In fact, almost 70 percent of respondents said they were either increasing digital transformation spending or keeping it at current levels.

So what gives? In part this is just the continuation of a longstanding trend. Digital transformation spending has been increasing dramatically year-over-year and topped $1 trillion last year. Switching enterprise software technologies isn't something most companies do quickly, so much of this spending may already have been accounted for under existing budgets. 

But that doesn't explain the strong correlation between economic outlook of markets and the uptick of spending. Certainly the global move, where possible, to work-from-home has forced a reevaluation of digital technologies, particularly those aimed at increasing worker mobility. 

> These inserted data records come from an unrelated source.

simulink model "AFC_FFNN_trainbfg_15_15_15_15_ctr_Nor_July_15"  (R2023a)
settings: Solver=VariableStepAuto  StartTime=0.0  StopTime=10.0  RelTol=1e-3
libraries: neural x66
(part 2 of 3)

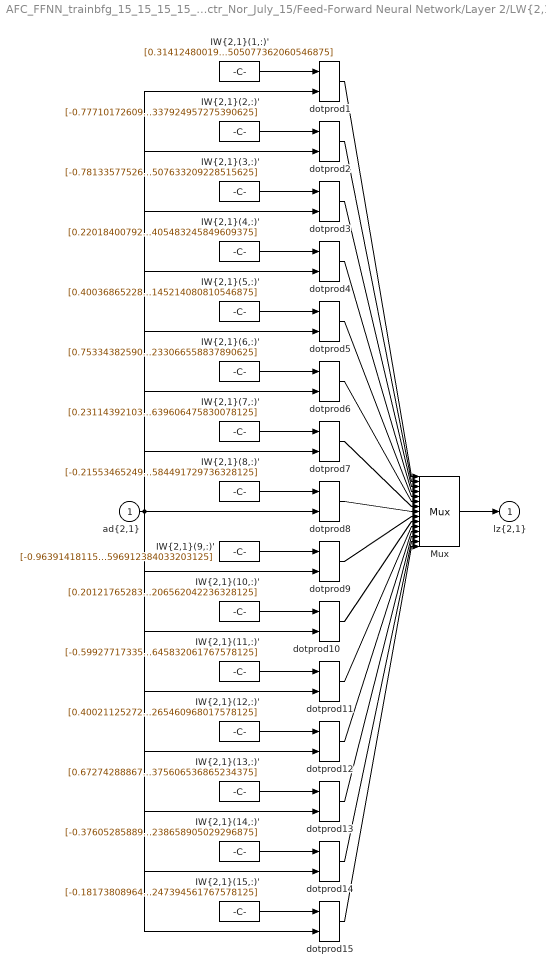
== system AFC_FFNN_trainbfg_15_15_15_15_ctr_Nor_July_15/Feed-Forward Neural Network/Layer 2/LW{2,1} ==
  "ad{2,1}" : Inport  PortDimensions=15
      mask Display: e = 0.06;c1 = [120 230 180]/255;c2 = ([120 230 180]+0)/(256+128);c3 = ([120 230 180]+128)/(256+128);patch([0 1 1 0],[0 0 1 1],c1);patch([0 1 1 1-e 1-e 0+e],[0 0 1 1-e 0+e 0+e],c2);patch([0 0 1 1-e 0+e 0+e],[0 1 1 1-e 1-e 0+e],c3);plot([0 1 1 0 0],[0 0 1 1 0]);
  "IW{2,1}(1,:)'" : Constant  Value=[0.314124800191435848972787425736896693706512451171875;0.761219194780894614638100392767228186130523681640625;-0.171753869070582876332764499238692224025726318359375;0.1327757115322516501265681654331274330615997314453125;0.2459442725020564157745184274972416460514068603515625;0.7167434795542131364953775118920020759105682373046875;-0.4743644560107054264364023765665479004383087158203125;0.9964541018726646992575979311368428170680999755859375;-0.3007178641450372058585571721778251230716705322265625;-0.5061911842499977609577399562112987041473388671875;-0.6212526524824333318264280023868195712566375732421875;-0.32664100949461083445157782989554107189178466796875;-0.164745119790139948889873267035000026226043701171875;-0.37571726232811375467690595542080700397491455078125;-0.9219376696445731322882011227193288505077362060546875]
      mask Display: e = 0.06;c1 = [120 150 230]/255;c2 = ([120 150 230]+0)/383;c3 = ([120 150 230]+128)/383;patch([0 1 1 0],[0 0 1 1],c1);patch([0 1 1 1-e 1-e 0+e],[0 0 1 1-e 0+e 0+e],c2);patch([0 0 1 1-e 0+e 0+e],[0 1 1 1-e 1-e 0+e],c3);plot([0 1 1 0 0],[0 0 1 1 0]);disp('weights');
  "IW{2,1}(10,:)'" : Constant  Value=[0.201217652832927473838253717985935509204864501953125;0.7240782555431468647810788752394728362560272216796875;0.8421596785908558313593630373361520469188690185546875;-1.1825149875412674926877798498026095330715179443359375;-0.31519109748938467507883842699811793863773345947265625;-0.795521501318470658503656522952951490879058837890625;0.0713141598183908431707322961301542818546295166015625;-0.0767485023139631294952778262086212635040283203125;-0.1010553699979890307503183066728524863719940185546875;-0.9567843225283756414256686184671707451343536376953125;-0.7217264190297532078233189167804084718227386474609375;0.50100226468314923433666763230576179921627044677734375;0.87766383555333093990924453464685939252376556396484375;0.29681483600678404410899702270398847758769989013671875;0.2310269064815640149834763406033744104206562042236328125]
      mask Display: e = 0.06;c1 = [120 150 230]/255;c2 = ([120 150 230]+0)/383;c3 = ([120 150 230]+128)/383;patch([0 1 1 0],[0 0 1 1],c1);patch([0 1 1 1-e 1-e 0+e],[0 0 1 1-e 0+e 0+e],c2);patch([0 0 1 1-e 0+e 0+e],[0 1 1 1-e 1-e 0+e],c3);plot([0 1 1 0 0],[0 0 1 1 0]);disp('weights');
  "IW{2,1}(11,:)'" : Constant  Value=[-0.5992771733562098912528881555772386491298675537109375;0.1078487493560353893684577997191809117794036865234375;-0.8945967236389289478637465435895137488842010498046875;-0.0500773407099595058156182858510874211788177490234375;0.8870816241124896972536362227401696145534515380859375;0.74014207030404488563135600998066365718841552734375;-0.6866720030229107596397852830705232918262481689453125;0.2726234239649603097177532617934048175811767578125;0.2078428359638626599092958713299594819545745849609375;0.1188907111891503998180041890009306371212005615234375;-0.469008120701347674952330635278485715389251708984375;-0.37068355488443938128284571575932204723358154296875;-0.123525625729133281538452138192951679229736328125;-0.58507783620791808942840361851267516613006591796875;-0.222821272390497870929948476259596645832061767578125]
      mask Display: e = 0.06;c1 = [120 150 230]/255;c2 = ([120 150 230]+0)/383;c3 = ([120 150 230]+128)/383;patch([0 1 1 0],[0 0 1 1],c1);patch([0 1 1 1-e 1-e 0+e],[0 0 1 1-e 0+e 0+e],c2);patch([0 0 1 1-e 0+e 0+e],[0 1 1 1-e 1-e 0+e],c3);plot([0 1 1 0 0],[0 0 1 1 0]);disp('weights');
  "IW{2,1}(12,:)'" : Constant  Value=[0.4002112527225698546118337617372162640094757080078125;0.6440325108893374395080400063307024538516998291015625;0.2318822635474317994663806530297733843326568603515625;-1.2667374338708261571895263841724954545497894287109375;-0.5533384432674870456736471169278956949710845947265625;-0.26613616681114093953652854906977154314517974853515625;0.3727253587085710417881045941612683236598968505859375;0.48813811599891376857840441516600549221038818359375;0.6001589125458657303369136570836417376995086669921875;-0.0802101438462316795874329500293242745101451873779296875;0.65367435221139091883202354438253678381443023681640625;-1.0458216791451082627872892771847546100616455078125;-1.3193113394946169858457096779602579772472381591796875;-0.330369571278571971806314877539989538490772247314453125;0.997369857636166035064206880633719265460968017578125]
      mask Display: e = 0.06;c1 = [120 150 230]/255;c2 = ([120 150 230]+0)/383;c3 = ([120 150 230]+128)/383;patch([0 1 1 0],[0 0 1 1],c1);patch([0 1 1 1-e 1-e 0+e],[0 0 1 1-e 0+e 0+e],c2);patch([0 0 1 1-e 0+e 0+e],[0 1 1 1-e 1-e 0+e],c3);plot([0 1 1 0 0],[0 0 1 1 0]);disp('weights');
  "IW{2,1}(13,:)'" : Constant  Value=[0.67274288867184051099457064992748200893402099609375;0.189393636354295846757622712175361812114715576171875;-0.510549226010743151249471338815055787563323974609375;1.104023685506638319253625013516284525394439697265625;0.8308657357789719366536473899031989276409149169921875;0.367241219801807627920453569458913989365100860595703125;0.8655885705956922748782744747586548328399658203125;-0.0858121130468900705778878545970655977725982666015625;-0.8378375318602981902671444913721643388271331787109375;-0.88685905025613409602414094479172490537166595458984375;0.275859743807580104490995154264965094625949859619140625;0.2062969216335570621367878629826009273529052734375;1.1086902941997625049452835810370743274688720703125;0.442383535765201452161221595815732143819332122802734375;0.95884080775527402717983704860671423375606536865234375]
      mask Display: e = 0.06;c1 = [120 150 230]/255;c2 = ([120 150 230]+0)/383;c3 = ([120 150 230]+128)/383;patch([0 1 1 0],[0 0 1 1],c1);patch([0 1 1 1-e 1-e 0+e],[0 0 1 1-e 0+e 0+e],c2);patch([0 0 1 1-e 0+e 0+e],[0 1 1 1-e 1-e 0+e],c3);plot([0 1 1 0 0],[0 0 1 1 0]);disp('weights');
  "IW{2,1}(14,:)'" : Constant  Value=[-0.3760528588983949038748733073589392006397247314453125;-0.3766582837641696546171488080290146172046661376953125;0.9248846167847240007375830828095786273479461669921875;-0.8676145111114246244454761836095713078975677490234375;0.157385168877649583851763281927560456097126007080078125;-0.4984382819952763998827549585257656872272491455078125;-0.07612045846803727755514046293683350086212158203125;0.1706855767497774678531641256995499134063720703125;0.6769974800018092597753138761618174612522125244140625;0.5403602376259268869063134843599982559680938720703125;-2.3605068409971039500305778346955776214599609375;-0.16106471547288514489792987660621292889118194580078125;-0.369042109842184939960674228132120333611965179443359375;-0.95704290874445641090773051473661325871944427490234375;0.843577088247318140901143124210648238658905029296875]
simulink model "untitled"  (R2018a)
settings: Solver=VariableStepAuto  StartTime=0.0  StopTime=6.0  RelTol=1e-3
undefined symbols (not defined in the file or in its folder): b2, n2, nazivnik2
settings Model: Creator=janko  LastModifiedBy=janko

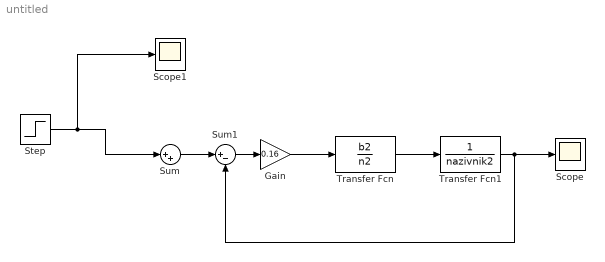
== system untitled ==
  Gain : Gain  Gain=0.16
  Scope : Scope
  Scope1 : Scope
  Step : Step  After=10  SampleTime=0
  Sum : Sum  Inputs=|++
  Sum1 : Sum  Inputs=|+-
  Transfer Fcn : TransferFcn  Numerator=b2  Denominator=n2
  Transfer Fcn1 : TransferFcn  Numerator=1  Denominator=nazivnik2
  wires:
  Step/1 -> Scope1/1, Sum/1
  Sum/1 -> Sum1/1
  Gain/1 -> Transfer Fcn/1
  Sum1/1 -> Gain/1
  Transfer Fcn/1 -> Transfer Fcn1/1
  Transfer Fcn1/1 -> Scope/1, Sum1/2

In the robotics space, which I cover, there are early indications that automation is winning a long simmering PR fight because of the pandemic as companies ditch their "workers first" messaging and begin heralding automation as the way to fight disruptions that humans are subject to. That same attitude could be migrating to robotic processing automation and related AI/ML enterprise applications. 

Whatever the reasons, it's become clear the enterprise may look very different coming out of the pandemic. Turns out that may include a software upgrade.